Equipment sits on a football practice field near the main entrance for Shoreham-Wading River High School on Oct. 2, 2014, in Shoreham, N.Y.
Kathy Kmonicek—AP
By Sean Gregory
October 3, 2014

Tragedy has struck a high school football field — again. Tom Cutinella, a 16-year-old junior from Shoreham-Wading River High School in Suffolk County, N.Y., died after suffering an injury in Wednesday’s game between Shoreham-Wading River and John Glenn High School in Elwood, N.Y. Steven R. Cohen, superintendent of the Shoreham-Wading River Central School District, told reporters Cutinella’s fatal injury was the result of a “freak football play” where there was “typical contact.”

Cohen said Cutinella suffered a head injury; Newsday reported it occurred after he “blocked an opponent for a teammate.” School officials said Cutinella stood up after the play, then collapsed. The injury occurred at 6 p.m., police say: Cutinella was rushed to a hospital, and pronounced dead Wednesday night. The Suffolk County Medical Examiner’s office told TIME that it has yet to perform an autopsy on Cutinella. Daniel Holtzman, principal of Shoreham-Wading River High School, said Cutinella was nice, well-rounded, and an “amazing student.”

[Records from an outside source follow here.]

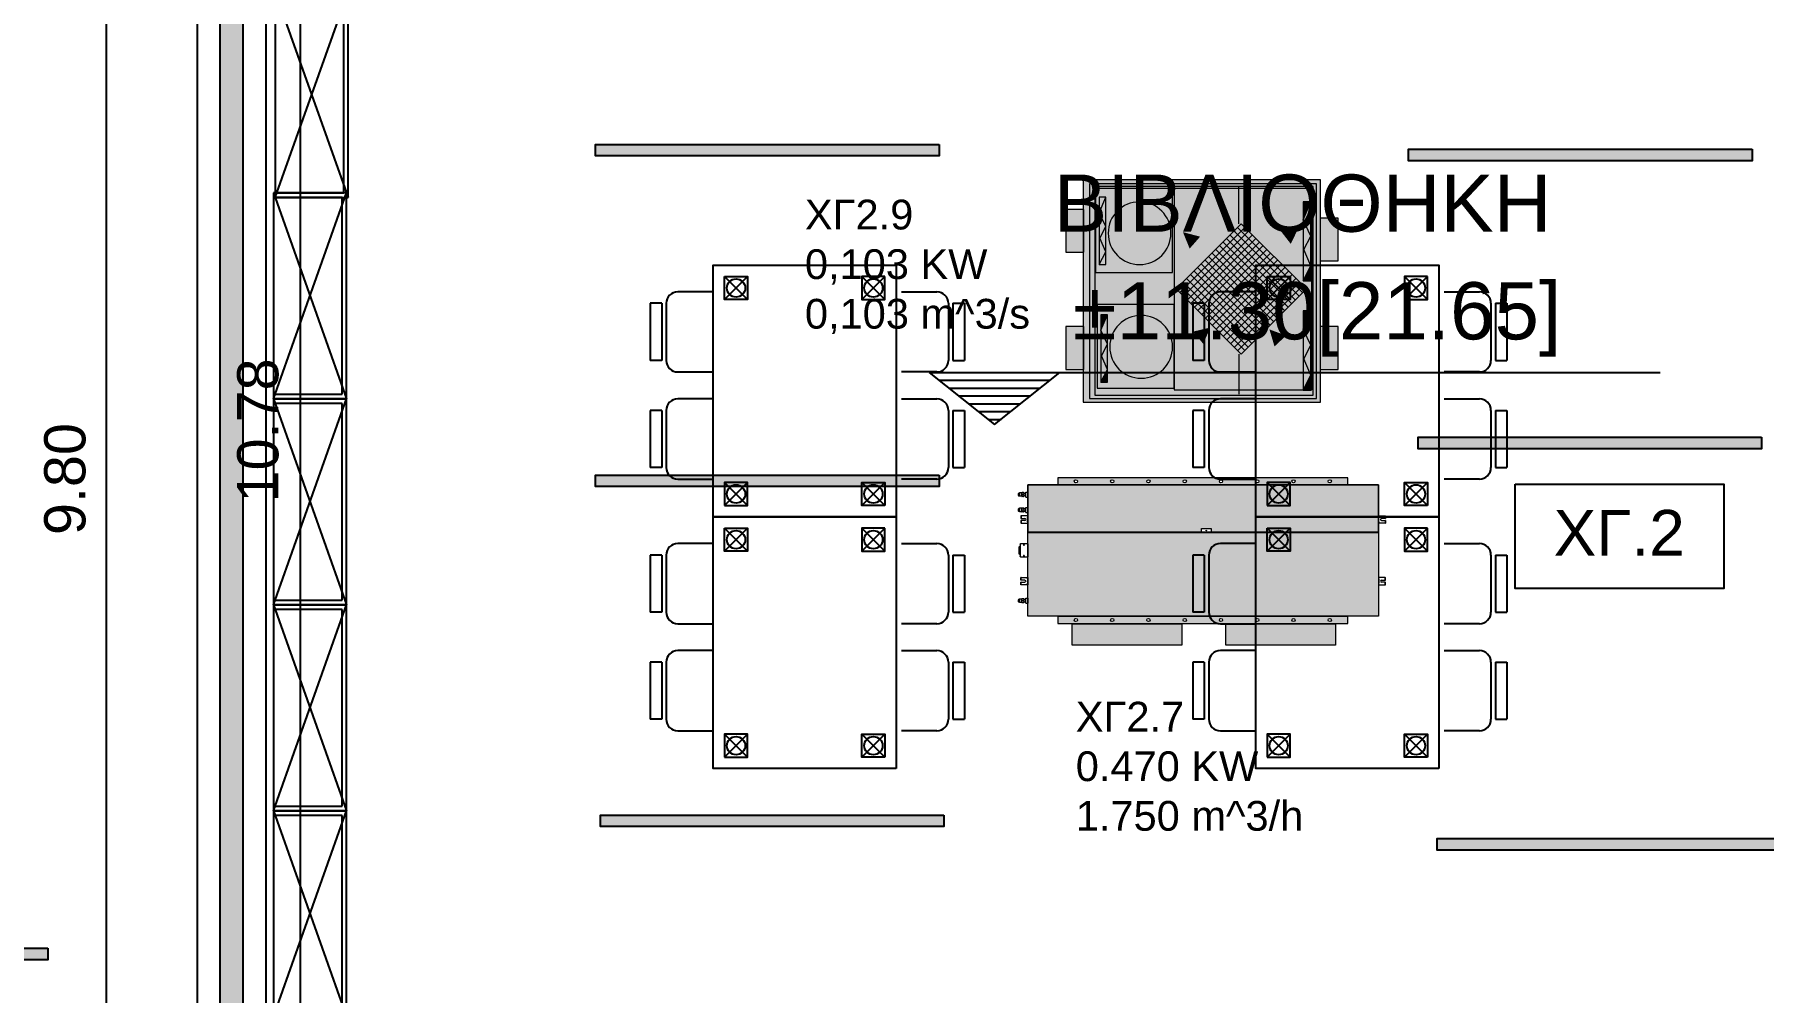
# Model space of a CAD drawing. Header units: metres. Extents: x -11 to 85, y -301 to 135.
# Drawn here: x 35.81 to 43.37, y 36.4 to 40.59 of the extents above; entities that cross this region are included whole.
import ezdxf

# ---------------------------------------------------------------- set-up
doc = ezdxf.new("R2010")
doc.units = ezdxf.units.M
doc.header["$LTSCALE"] = 0.036
doc.header["$PDMODE"] = 2
for name, color, linetype in [('arxitek corofos', 252, 'Continuous'), ('DIMBLK', 252, 'Continuous'), ('electext', 20, 'Continuous'), ('Epipla', 252, 'Continuous'), ('hatch color', 252, 'Continuous'), ('HLEK_FL001_SYMBOLS', 230, 'Continuous'), ('KYKLOFORHTES', 152, 'Continuous'), ('SYMBOLA', 160, 'Continuous')]:
    doc.layers.add(name, color=color, linetype=linetype)
for name, color, linetype, lineweight in [('axel', 170, 'Continuous', 0), ('fan enallaktis', 162, 'Continuous', 0), ('fan enallaktis hatch', 141, 'Continuous', 0), ('fan klima vrv kanalati', 170, 'Continuous', 0)]:
    doc.layers.add(name, color=color, linetype=linetype, lineweight=lineweight)
doc.styles.add('COMU-N', font='arial.ttf')
doc.styles.get("Standard").update_dxf_attribs({"font": 'arial.ttf'})
doc.dimstyles.new('CADWDOT', dxfattribs={"dimscale": 0.1, "dimtxt": 1.8, "dimasz": 0.08, "dimexe": 2, "dimexo": 0, "dimgap": 0.09, "dimtad": 0, "dimrnd": 0.001, "dimzin": 0, "dimdsep": 46, "dimtxsty": 'Standard', "dimblk1": 'ARTDIM', "dimblk2": 'ARTDIM', "dimsah": 1, "dimcen": 0.09, "dimdle": 0.05, "dimse1": 1, "dimse2": 1, "dimadec": 0, "dimazin": 0, "dimtfac": 1, "dimtmove": 0, "dimatfit": 3, "dimldrblk": 'ARTDIM', "dimfxl": 2, "dimtvp": 0.9999, "dimtolj": 1, "dimtzin": 0, "dimarcsym": 0})

# ---------------------------------------------------------------- blocks, each defined once
blk = doc.blocks.new('ARTDIM')
at = {"layer": 'DIMBLK'}
for p, q in [((0, -24.9975), (0, 24.9975)), ((-24.9975, 0), (24.9975, 0))]:
    blk.add_line(p, q, dxfattribs=at)
blk.add_circle((0, 0), 8.25, dxfattribs=at)
blk = doc.blocks.new('*D485')
at = {"layer": 'arxitek corofos', "color": 0, "lineweight": -2}
blk.add_line((36.1271, 43.5394), (36.1271, 33.7554), dxfattribs=at)
at = {"layer": 'Defpoints', "color": 0, "transparency": 16777216}
for p in [(36.4737, 43.5474), (36.1271, 33.7474), (36.4737, 33.7474)]:
    blk.add_point(p, dxfattribs=at)
at = {"layer": 'arxitek corofos', "color": 0, "lineweight": -2, "xscale": 0.008, "yscale": 0.008, "zscale": 0.008}
for p, rotation in [((36.1271, 43.5474), 90), ((36.1271, 33.7474), 270)]:
    blk.add_blockref('ARTDIM', p, dxfattribs=dict(at, rotation=rotation))
at = {"layer": 'arxitek corofos', "color": 0, "insert": (35.9471, 38.6474), "char_height": 0.18, "attachment_point": 5, "rotation": 90}
blk.add_mtext('\\A1;9.80', dxfattribs=at)
blk = doc.blocks.new('tr.')
at = {"layer": 'Epipla'}
for p, q in [((41.3553, 40.2738, 0.67), (41.1053, 40.2738, 0.67)), ((41.8232, 40.2738, 0.67), (41.5732, 40.2738, 0.67)), ((42.4553, 40.2738, 0.67), (42.2053, 40.2738, 0.67)), ((42.9232, 40.2738, 0.67), (42.6732, 40.2738, 0.67)), ((41.3553, 40.2238, 0.67), (41.1053, 40.2238, 0.67)), ((41.3553, 40.2038, 0.67), (41.1053, 40.2038, 0.67)), ((41.8232, 40.2238, 0.67), (41.5732, 40.2238, 0.67)), ((41.8232, 40.2038, 0.67), (41.5732, 40.2038, 0.67)), ((42.4553, 40.2238, 0.67), (42.2053, 40.2238, 0.67)), ((42.4553, 40.2038, 0.67), (42.2053, 40.2038, 0.67)), ((42.9232, 40.2238, 0.67), (42.6732, 40.2238, 0.67)), ((42.9232, 40.2038, 0.67), (42.6732, 40.2038, 0.67)), ((41.0553, 40.1538, 0.67), (41.0553, 39.9991, 0.67)), ((41.4053, 39.9991, 0.67), (41.4053, 40.1538, 0.67)), ((41.5232, 40.1538, 0.67), (41.5232, 39.9991, 0.67)), ((41.8732, 39.9991, 0.67), (41.8732, 40.1538, 0.67)), ((42.1553, 40.1538, 0.67), (42.1553, 39.9991, 0.67)), ((42.5053, 39.9991, 0.67), (42.5053, 40.1538, 0.67)), ((42.6232, 40.1538, 0.67), (42.6232, 39.9991, 0.67)), ((42.9732, 39.9991, 0.67), (42.9732, 40.1538, 0.67)), ((41.0402, 39.8491), (40.9402, 39.9491)), ((41.0402, 39.9491), (40.9402, 39.8491)), ((41.8402, 39.9491), (41.9402, 39.8491)), ((41.8402, 39.8491), (41.9402, 39.9491)), ((42.1402, 39.8491), (42.0402, 39.9491)), ((42.1402, 39.9491), (42.0402, 39.8491)), ((42.9402, 39.9491), (43.0402, 39.8491)), ((42.9402, 39.8491), (43.0402, 39.9491)), ((41.0402, 39.2491), (40.9402, 39.3491)), ((41.0402, 39.3491), (40.9402, 39.2491)), ((41.8402, 39.3491), (41.9402, 39.2491)), ((41.8402, 39.2491), (41.9402, 39.3491)), ((42.1402, 39.2491), (42.0402, 39.3491)), ((42.1402, 39.3491), (42.0402, 39.2491)), ((42.9402, 39.3491), (43.0402, 39.2491)), ((42.9402, 39.2491), (43.0402, 39.3491)), ((41.0553, 39.0219, 0.67), (41.0553, 39.1766, 0.67)), ((41.4053, 39.1766, 0.67), (41.4053, 39.0219, 0.67)), ((41.5232, 39.0219, 0.67), (41.5232, 39.1766, 0.67)), ((41.8732, 39.1766, 0.67), (41.8732, 39.0219, 0.67)), ((42.1553, 39.0219, 0.67), (42.1553, 39.1766, 0.67)), ((42.5053, 39.1766, 0.67), (42.5053, 39.0219, 0.67)), ((42.6232, 39.0219, 0.67), (42.6232, 39.1766, 0.67)), ((42.9732, 39.1766, 0.67), (42.9732, 39.0219, 0.67)), ((41.3553, 38.9719, 0.67), (41.1053, 38.9719, 0.67)), ((41.8232, 38.9719, 0.67), (41.5732, 38.9719, 0.67)), ((42.4553, 38.9719, 0.67), (42.2053, 38.9719, 0.67)), ((42.9232, 38.9719, 0.67), (42.6732, 38.9719, 0.67)), ((41.3553, 38.9519, 0.67), (41.1053, 38.9519, 0.67)), ((41.3553, 38.9019, 0.67), (41.1053, 38.9019, 0.67)), ((41.8232, 38.9519, 0.67), (41.5732, 38.9519, 0.67)), ((41.8232, 38.9019, 0.67), (41.5732, 38.9019, 0.67)), ((42.4553, 38.9519, 0.67), (42.2053, 38.9519, 0.67)), ((42.4553, 38.9019, 0.67), (42.2053, 38.9019, 0.67)), ((42.9232, 38.9519, 0.67), (42.6732, 38.9519, 0.67)), ((42.9232, 38.9019, 0.67), (42.6732, 38.9019, 0.67))]:
    blk.add_line(p, q, dxfattribs=at)
at = {"layer": 'Epipla', "elevation": 0.67}
for points in [[(41.1053, 40.2238), (41.1053, 40.2738)], [(41.3553, 40.2238), (41.3553, 40.2738)], [(41.5732, 40.2238), (41.5732, 40.2738)], [(41.8232, 40.2238), (41.8232, 40.2738)], [(42.2053, 40.2238), (42.2053, 40.2738)], [(42.4553, 40.2238), (42.4553, 40.2738)], [(42.6732, 40.2238), (42.6732, 40.2738)], [(42.9232, 40.2238), (42.9232, 40.2738)], [(41.1053, 38.9519), (41.1053, 38.9019)], [(41.3553, 38.9519), (41.3553, 38.9019)], [(41.5732, 38.9519), (41.5732, 38.9019)], [(41.8232, 38.9519), (41.8232, 38.9019)], [(42.2053, 38.9519), (42.2053, 38.9019)], [(42.4553, 38.9519), (42.4553, 38.9019)], [(42.6732, 38.9519), (42.6732, 38.9019)], [(42.9232, 38.9519), (42.9232, 38.9019)]]:
    blk.add_lwpolyline(points, dxfattribs=at)
at = {"layer": 'Epipla'}
for points in [[(40.8902, 39.1991), (40.8902, 39.9991), (41.9902, 39.9991), (41.9902, 39.1991)], [(41.9902, 39.1991), (41.9902, 39.9991), (43.0902, 39.9991), (43.0902, 39.1991)]]:
    blk.add_lwpolyline(points, close=True, dxfattribs=at)
for points in [[(40.9402, 39.9491), (40.9402, 39.8491), (41.0402, 39.8491), (41.0402, 39.9491), (40.9402, 39.9491)], [(41.9402, 39.9491), (41.9402, 39.8491), (41.8402, 39.8491), (41.8402, 39.9491), (41.9402, 39.9491)], [(42.0402, 39.9491), (42.0402, 39.8491), (42.1402, 39.8491), (42.1402, 39.9491), (42.0402, 39.9491)], [(43.0402, 39.9491), (43.0402, 39.8491), (42.9402, 39.8491), (42.9402, 39.9491), (43.0402, 39.9491)], [(40.9402, 39.2491), (40.9402, 39.3491), (41.0402, 39.3491), (41.0402, 39.2491), (40.9402, 39.2491)], [(41.9402, 39.2491), (41.9402, 39.3491), (41.8402, 39.3491), (41.8402, 39.2491), (41.9402, 39.2491)], [(42.0402, 39.2491), (42.0402, 39.3491), (42.1402, 39.3491), (42.1402, 39.2491), (42.0402, 39.2491)], [(43.0402, 39.2491), (43.0402, 39.3491), (42.9402, 39.3491), (42.9402, 39.2491), (43.0402, 39.2491)]]:
    blk.add_lwpolyline(points, dxfattribs=at)
for centre in [(40.9902, 39.8991), (41.8902, 39.8991), (42.0902, 39.8991), (42.9902, 39.8991), (40.9902, 39.2991), (41.8902, 39.2991), (42.0902, 39.2991), (42.9902, 39.2991)]:
    blk.add_circle(centre, 0.04, dxfattribs=at)
for centre, start, end in [((41.1053, 40.1538, 0.67), 90, 180), ((41.3553, 40.1538, 0.67), 0, 90), ((41.5732, 40.1538, 0.67), 90, 180), ((41.8232, 40.1538, 0.67), 0, 90), ((42.2053, 40.1538, 0.67), 90, 180), ((42.4553, 40.1538, 0.67), 0, 90), ((42.6732, 40.1538, 0.67), 90, 180), ((42.9232, 40.1538, 0.67), 0, 90), ((41.1053, 39.0219, 0.67), 180, 270), ((41.3553, 39.0219, 0.67), 270, 0), ((41.5732, 39.0219, 0.67), 180, 270), ((41.8232, 39.0219, 0.67), 270, 0), ((42.2053, 39.0219, 0.67), 180, 270), ((42.4553, 39.0219, 0.67), 270, 0), ((42.6732, 39.0219, 0.67), 180, 270), ((42.9232, 39.0219, 0.67), 270, 0)]:
    blk.add_arc(centre, 0.05, start, end, dxfattribs=at)
blk = doc.blocks.new('b3')
at = {"layer": 'Epipla'}
for p, q in [((-23.079, 40.1889), (-22.759, 41.0889)), ((-23.079, 41.0889), (-22.759, 40.1889)), ((-22.759, 41.0889), (-23.079, 41.0889)), ((-23.079, 41.0889), (-23.079, 40.1889)), ((-22.759, 40.1889), (-22.759, 41.0889)), ((-22.779, 41.0689), (-23.079, 41.0689)), ((-22.779, 40.2089), (-22.779, 41.0689)), ((-23.079, 40.2089), (-22.779, 40.2089)), ((-23.079, 39.2889), (-22.759, 40.1889)), ((-23.079, 40.1889), (-22.759, 39.2889)), ((-22.759, 40.1889), (-23.079, 40.1889)), ((-23.079, 40.1889), (-23.079, 39.2889)), ((-23.079, 40.1889), (-22.759, 40.1889)), ((-22.759, 39.2889), (-22.759, 40.1889)), ((-22.779, 40.1689), (-23.079, 40.1689)), ((-22.779, 39.3089), (-22.779, 40.1689)), ((-23.079, 39.3089), (-22.779, 39.3089)), ((-23.079, 38.3889), (-22.759, 39.2889)), ((-23.079, 39.2889), (-22.759, 38.3889)), ((-22.759, 39.2889), (-23.079, 39.2889)), ((-23.079, 39.2889), (-23.079, 38.3889)), ((-23.079, 39.2889), (-22.759, 39.2889)), ((-22.779, 39.2689), (-23.079, 39.2689)), ((-22.779, 38.4089), (-22.779, 39.2689)), ((-22.759, 38.3889), (-22.759, 39.2889)), ((-23.079, 38.4089), (-22.779, 38.4089)), ((-23.079, 37.4889), (-22.759, 38.3889)), ((-23.079, 38.3889), (-22.759, 37.4889)), ((-22.759, 38.3889), (-23.079, 38.3889)), ((-23.079, 38.3889), (-23.079, 37.4889)), ((-23.079, 38.3889), (-22.759, 38.3889)), ((-22.779, 38.3689), (-23.079, 38.3689)), ((-22.779, 37.5089), (-22.779, 38.3689)), ((-22.759, 37.4889), (-22.759, 38.3889)), ((-23.079, 37.5089), (-22.779, 37.5089)), ((-23.079, 37.4889), (-22.759, 37.4889))]:
    blk.add_line(p, q, dxfattribs=at)
blk = doc.blocks.new('*D1875')
at = {"layer": 'Defpoints', "color": 0, "transparency": 16777216}
for p in [(37.1737, 44.2474), (36.9737, 33.4724), (37.1737, 33.4724)]:
    blk.add_point(p, dxfattribs=at)
at = {"layer": 'HLEK_FL001_SYMBOLS', "color": 0, "lineweight": -2, "transparency": 16777216}
blk.add_line((36.9737, 44.2394), (36.9737, 33.4804), dxfattribs=at)
at = {"layer": 'HLEK_FL001_SYMBOLS', "color": 0, "lineweight": -2, "transparency": 16777216, "xscale": 0.008, "yscale": 0.008, "zscale": 0.008}
for p, rotation in [((36.9737, 44.2474), 90), ((36.9737, 33.4724), 270)]:
    blk.add_blockref('ARTDIM', p, dxfattribs=dict(at, rotation=rotation))
at = {"layer": 'HLEK_FL001_SYMBOLS', "color": 0, "transparency": 16777216, "insert": (36.7899, 38.8599), "char_height": 0.18, "attachment_point": 5, "rotation": 90}
blk.add_mtext('\\A1;10.78', dxfattribs=at)
blk = doc.blocks.new('led 69W')
at = {"layer": 'hatch color'}
blk.add_hatch(color=181, dxfattribs=at).paths.add_polyline_path([(102.8081, -3.6363), (102.8081, -3.6863), (101.1007, -3.6863), (101.1007, -3.6363)])
at = {"layer": 'HLEK_FL001_SYMBOLS'}
blk.add_lwpolyline([(102.8081, -3.6363), (102.8081, -3.6863), (101.1007, -3.6863), (101.1007, -3.6363)], close=True, dxfattribs=at)
blk = doc.blocks.new('lampes fthorismou 150')
at = {"layer": 'hatch color'}
blk.add_hatch(color=181, dxfattribs=at).paths.add_polyline_path([(5.4867, 4.6415), (5.4867, 4.6915), (6.9867, 4.6915), (6.9867, 4.6415)])
at = {"layer": 'HLEK_FL001_SYMBOLS'}
blk.add_lwpolyline([(5.4867, 4.6415), (5.4867, 4.6915), (6.9867, 4.6915), (6.9867, 4.6415)], close=True, dxfattribs=at)
blk = doc.blocks.new('A$C5A126718')
at = {"layer": 'axel'}
for p, q in [((-0.0317, 0.0343), (-0.0317, 0.0321)), ((-0.0301, 0.0343), (-0.0317, 0.0343)), ((-0.0317, 0.0321), (-0.0317, 0.0236)), ((-0.0317, 0.0321), (-0.0301, 0.0321)), ((-0.0317, 0.0236), (-0.0301, 0.0236)), ((-0.0317, 0.0236), (-0.0317, 0.0214)), ((-0.0301, 0.0214), (-0.0317, 0.0214)), ((-0.0301, 0.0129), (-0.0317, 0.0129)), ((-0.0317, 0.0129), (-0.0317, 0.0107)), ((-0.0317, 0.0107), (-0.0301, 0.0107)), ((-0.0317, 0.0107), (-0.0317, 0.0021)), ((-0.0317, 0.0021), (-0.0301, 0.0021)), ((-0.0317, 0.0021), (-0.0317, 0)), ((-0.0301, 0), (-0.0317, 0)), ((-0.0012, 0.0343), (-0.0301, 0.0343)), ((-0.0301, 0.0343), (-0.0301, 0.0321)), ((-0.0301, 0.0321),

ESPN says that in the last week alone, three high school football players have died. One other death, like Cutinella’s, happened after a collision. The third player died after collapsing in pre-game warm-ups. As TIME noted in a recent cover story, eight people died playing football in 2013, according to the National Center for Catastrophic Sports Injury Research at the University of North Carolina. That was the highest toll since 2001; all eight were high school players.

This latest incident is another stark reminder of the risks of high school football. Despite these deaths and heightened awareness of the dangers of concussions, high school football participation has held steady: it’s down just 1.12% since the 2007-2008 school year, according to the National Federation of State High School Associations. Participation for kids ages 6 to 12, however, has dropped 26.5% between 2007 and 2013, according to the Sports & Fitness Industry Association.

On Thursday afternoon, around 1,000 people gathered for a candlelight vigil in Cutinella’s honor at the Shoreham-Wading River field. As Newsday describes it:

Cutinella’s No. 54 was up in lights on the scoreboard, and at the 50-yard line white candlelights were set up to form the number of the linebacker and guard…When his Wildcats teammates lined up as if for a football play, they left a spot empty for Cutinella, 16, and players began talking about the student they admired.

“He always went out of his way to make you smile,” one player said.